Please restate exactly the lines of the data below, beginning with the line containing "#131=ORIENTED_EDGE('',*,*,#130,.F.);" and ending with the last line.

**** EXTRACTED RECORDS

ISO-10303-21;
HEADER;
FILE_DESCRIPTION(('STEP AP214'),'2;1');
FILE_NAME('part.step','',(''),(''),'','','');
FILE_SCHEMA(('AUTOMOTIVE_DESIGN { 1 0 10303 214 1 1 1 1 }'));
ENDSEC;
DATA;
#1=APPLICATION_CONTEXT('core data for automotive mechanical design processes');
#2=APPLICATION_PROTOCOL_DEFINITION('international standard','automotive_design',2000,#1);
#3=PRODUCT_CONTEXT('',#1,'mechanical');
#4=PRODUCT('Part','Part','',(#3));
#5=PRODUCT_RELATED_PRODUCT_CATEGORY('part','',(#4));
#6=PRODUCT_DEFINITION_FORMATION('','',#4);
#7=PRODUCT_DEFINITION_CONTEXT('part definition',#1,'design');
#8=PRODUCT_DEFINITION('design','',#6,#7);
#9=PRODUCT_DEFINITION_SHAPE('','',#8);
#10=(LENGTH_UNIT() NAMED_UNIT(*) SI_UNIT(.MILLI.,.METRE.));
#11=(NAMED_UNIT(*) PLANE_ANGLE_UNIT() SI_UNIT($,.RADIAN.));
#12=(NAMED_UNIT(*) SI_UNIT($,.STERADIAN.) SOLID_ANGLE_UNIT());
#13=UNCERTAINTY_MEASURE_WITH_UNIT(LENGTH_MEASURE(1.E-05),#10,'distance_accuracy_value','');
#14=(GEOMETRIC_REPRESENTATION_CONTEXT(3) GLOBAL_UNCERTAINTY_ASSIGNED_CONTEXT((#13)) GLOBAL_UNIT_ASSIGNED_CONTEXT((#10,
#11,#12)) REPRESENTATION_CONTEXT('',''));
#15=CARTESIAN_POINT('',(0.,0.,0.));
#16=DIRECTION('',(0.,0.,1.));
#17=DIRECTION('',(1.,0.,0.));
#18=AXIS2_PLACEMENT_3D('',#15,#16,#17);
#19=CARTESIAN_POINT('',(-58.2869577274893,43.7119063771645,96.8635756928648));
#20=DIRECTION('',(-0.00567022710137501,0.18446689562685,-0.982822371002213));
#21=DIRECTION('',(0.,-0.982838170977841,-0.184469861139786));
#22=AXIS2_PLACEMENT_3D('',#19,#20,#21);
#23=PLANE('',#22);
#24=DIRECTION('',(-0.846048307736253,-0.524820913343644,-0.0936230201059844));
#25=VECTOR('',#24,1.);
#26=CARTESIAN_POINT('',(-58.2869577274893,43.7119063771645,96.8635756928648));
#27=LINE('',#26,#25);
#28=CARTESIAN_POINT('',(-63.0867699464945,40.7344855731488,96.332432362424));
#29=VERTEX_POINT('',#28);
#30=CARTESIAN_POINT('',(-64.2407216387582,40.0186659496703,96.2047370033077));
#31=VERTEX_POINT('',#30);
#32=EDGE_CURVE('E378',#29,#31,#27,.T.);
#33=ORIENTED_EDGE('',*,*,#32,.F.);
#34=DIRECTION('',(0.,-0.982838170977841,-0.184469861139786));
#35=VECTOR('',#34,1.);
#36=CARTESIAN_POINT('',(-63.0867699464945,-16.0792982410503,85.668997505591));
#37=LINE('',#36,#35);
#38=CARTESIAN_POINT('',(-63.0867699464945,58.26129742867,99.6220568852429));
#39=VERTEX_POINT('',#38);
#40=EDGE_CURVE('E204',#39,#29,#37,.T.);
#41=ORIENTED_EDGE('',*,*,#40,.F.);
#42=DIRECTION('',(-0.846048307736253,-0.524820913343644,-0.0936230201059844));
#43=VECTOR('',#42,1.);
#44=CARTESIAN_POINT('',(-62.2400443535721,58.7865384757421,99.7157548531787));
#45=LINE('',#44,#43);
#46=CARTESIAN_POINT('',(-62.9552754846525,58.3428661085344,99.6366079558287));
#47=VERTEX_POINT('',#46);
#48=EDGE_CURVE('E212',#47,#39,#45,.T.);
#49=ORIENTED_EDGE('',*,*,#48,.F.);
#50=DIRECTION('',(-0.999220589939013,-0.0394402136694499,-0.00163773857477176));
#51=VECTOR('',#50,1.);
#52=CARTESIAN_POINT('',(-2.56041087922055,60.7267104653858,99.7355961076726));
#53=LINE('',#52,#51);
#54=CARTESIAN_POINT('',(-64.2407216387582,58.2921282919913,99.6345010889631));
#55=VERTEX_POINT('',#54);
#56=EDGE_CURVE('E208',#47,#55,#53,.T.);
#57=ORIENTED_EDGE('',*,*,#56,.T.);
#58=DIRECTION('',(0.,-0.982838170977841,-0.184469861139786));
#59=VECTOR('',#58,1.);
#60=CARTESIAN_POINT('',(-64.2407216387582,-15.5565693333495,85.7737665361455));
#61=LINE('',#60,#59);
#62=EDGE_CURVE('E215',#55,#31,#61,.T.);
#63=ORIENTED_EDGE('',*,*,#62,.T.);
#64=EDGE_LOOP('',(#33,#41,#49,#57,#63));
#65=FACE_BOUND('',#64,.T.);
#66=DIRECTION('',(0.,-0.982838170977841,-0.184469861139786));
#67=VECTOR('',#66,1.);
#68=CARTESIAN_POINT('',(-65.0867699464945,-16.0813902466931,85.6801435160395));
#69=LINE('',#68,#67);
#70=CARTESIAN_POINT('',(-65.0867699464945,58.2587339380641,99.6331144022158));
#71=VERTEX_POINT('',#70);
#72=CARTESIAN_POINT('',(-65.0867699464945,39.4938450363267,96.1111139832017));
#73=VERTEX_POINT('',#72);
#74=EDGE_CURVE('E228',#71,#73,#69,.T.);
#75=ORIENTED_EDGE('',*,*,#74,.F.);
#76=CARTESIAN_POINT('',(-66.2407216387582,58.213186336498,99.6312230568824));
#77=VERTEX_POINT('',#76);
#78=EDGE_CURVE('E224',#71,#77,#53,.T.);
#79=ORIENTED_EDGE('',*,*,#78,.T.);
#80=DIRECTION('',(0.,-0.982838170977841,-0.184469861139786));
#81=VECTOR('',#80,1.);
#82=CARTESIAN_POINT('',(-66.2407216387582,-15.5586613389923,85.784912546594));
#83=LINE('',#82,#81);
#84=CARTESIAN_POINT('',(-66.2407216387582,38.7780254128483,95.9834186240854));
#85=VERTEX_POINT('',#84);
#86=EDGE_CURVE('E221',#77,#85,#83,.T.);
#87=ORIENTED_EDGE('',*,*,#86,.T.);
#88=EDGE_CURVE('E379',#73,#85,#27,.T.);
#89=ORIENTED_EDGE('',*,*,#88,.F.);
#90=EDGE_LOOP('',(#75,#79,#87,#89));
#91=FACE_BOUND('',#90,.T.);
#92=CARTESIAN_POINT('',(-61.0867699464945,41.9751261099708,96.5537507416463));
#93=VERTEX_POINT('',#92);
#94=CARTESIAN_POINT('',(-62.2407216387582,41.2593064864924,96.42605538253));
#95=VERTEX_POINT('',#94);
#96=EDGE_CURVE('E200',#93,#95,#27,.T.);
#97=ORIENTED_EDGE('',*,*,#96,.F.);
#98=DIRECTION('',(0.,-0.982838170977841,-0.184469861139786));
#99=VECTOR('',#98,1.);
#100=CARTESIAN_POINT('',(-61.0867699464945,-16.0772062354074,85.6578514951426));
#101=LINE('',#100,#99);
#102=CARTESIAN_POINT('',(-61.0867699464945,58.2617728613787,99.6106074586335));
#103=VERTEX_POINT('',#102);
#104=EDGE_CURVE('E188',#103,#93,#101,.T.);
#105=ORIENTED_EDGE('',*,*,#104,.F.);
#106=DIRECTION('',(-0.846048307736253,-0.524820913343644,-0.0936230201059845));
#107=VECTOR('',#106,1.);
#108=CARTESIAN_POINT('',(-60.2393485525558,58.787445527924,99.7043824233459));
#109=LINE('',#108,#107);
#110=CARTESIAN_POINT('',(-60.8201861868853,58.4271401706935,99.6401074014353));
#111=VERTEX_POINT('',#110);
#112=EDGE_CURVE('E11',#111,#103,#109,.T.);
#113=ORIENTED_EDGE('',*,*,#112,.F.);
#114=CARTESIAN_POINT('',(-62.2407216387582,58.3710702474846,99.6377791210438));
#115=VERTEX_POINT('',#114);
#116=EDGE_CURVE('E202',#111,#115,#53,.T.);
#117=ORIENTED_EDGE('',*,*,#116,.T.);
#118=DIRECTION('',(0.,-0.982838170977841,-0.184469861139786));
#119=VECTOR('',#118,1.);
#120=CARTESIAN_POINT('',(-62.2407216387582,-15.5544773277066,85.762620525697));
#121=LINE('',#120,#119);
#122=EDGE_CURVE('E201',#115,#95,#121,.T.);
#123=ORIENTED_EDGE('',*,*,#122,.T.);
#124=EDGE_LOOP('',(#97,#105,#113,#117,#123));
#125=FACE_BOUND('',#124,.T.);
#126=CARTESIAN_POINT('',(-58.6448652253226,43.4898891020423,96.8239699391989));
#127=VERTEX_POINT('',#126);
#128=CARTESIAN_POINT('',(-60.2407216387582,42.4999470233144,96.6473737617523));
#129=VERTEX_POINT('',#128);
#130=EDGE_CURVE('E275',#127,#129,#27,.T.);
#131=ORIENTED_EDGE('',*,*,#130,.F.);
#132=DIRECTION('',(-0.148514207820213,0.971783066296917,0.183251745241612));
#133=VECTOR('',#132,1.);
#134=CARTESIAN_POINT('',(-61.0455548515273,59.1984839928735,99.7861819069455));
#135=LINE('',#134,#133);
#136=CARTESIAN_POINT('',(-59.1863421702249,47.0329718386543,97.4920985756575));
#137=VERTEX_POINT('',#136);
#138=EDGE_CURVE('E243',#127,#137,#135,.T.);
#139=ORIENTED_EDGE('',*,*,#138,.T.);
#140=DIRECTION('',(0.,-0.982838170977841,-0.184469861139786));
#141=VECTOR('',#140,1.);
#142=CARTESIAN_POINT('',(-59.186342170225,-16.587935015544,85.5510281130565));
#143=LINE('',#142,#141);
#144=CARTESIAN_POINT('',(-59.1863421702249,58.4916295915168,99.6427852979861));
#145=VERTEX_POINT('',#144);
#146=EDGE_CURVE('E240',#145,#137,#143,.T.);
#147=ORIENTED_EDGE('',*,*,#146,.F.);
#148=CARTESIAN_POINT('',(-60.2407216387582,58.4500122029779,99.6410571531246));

********

FINISHED TASK
#131=ORIENTED_EDGE('',*,*,#130,.F.);
#132=DIRECTION('',(-0.148514207820213,0.971783066296917,0.183251745241612));
#133=VECTOR('',#132,1.);
#134=CARTESIAN_POINT('',(-61.0455548515273,59.1984839928735,99.7861819069455));
#135=LINE('',#134,#133);
#136=CARTESIAN_POINT('',(-59.1863421702249,47.0329718386543,97.4920985756575));
#137=VERTEX_POINT('',#136);
#138=EDGE_CURVE('E243',#127,#137,#135,.T.);
#139=ORIENTED_EDGE('',*,*,#138,.T.);
#140=DIRECTION('',(0.,-0.982838170977841,-0.184469861139786));
#141=VECTOR('',#140,1.);
#142=CARTESIAN_POINT('',(-59.186342170225,-16.587935015544,85.5510281130565));
#143=LINE('',#142,#141);
#144=CARTESIAN_POINT('',(-59.1863421702249,58.4916295915168,99.6427852979861));
#145=VERTEX_POINT('',#144);
#146=EDGE_CURVE('E240',#145,#137,#143,.T.);
#147=ORIENTED_EDGE('',*,*,#146,.F.);
#148=CARTESIAN_POINT('',(-60.2407216387582,58.4500122029779,99.6410571531246));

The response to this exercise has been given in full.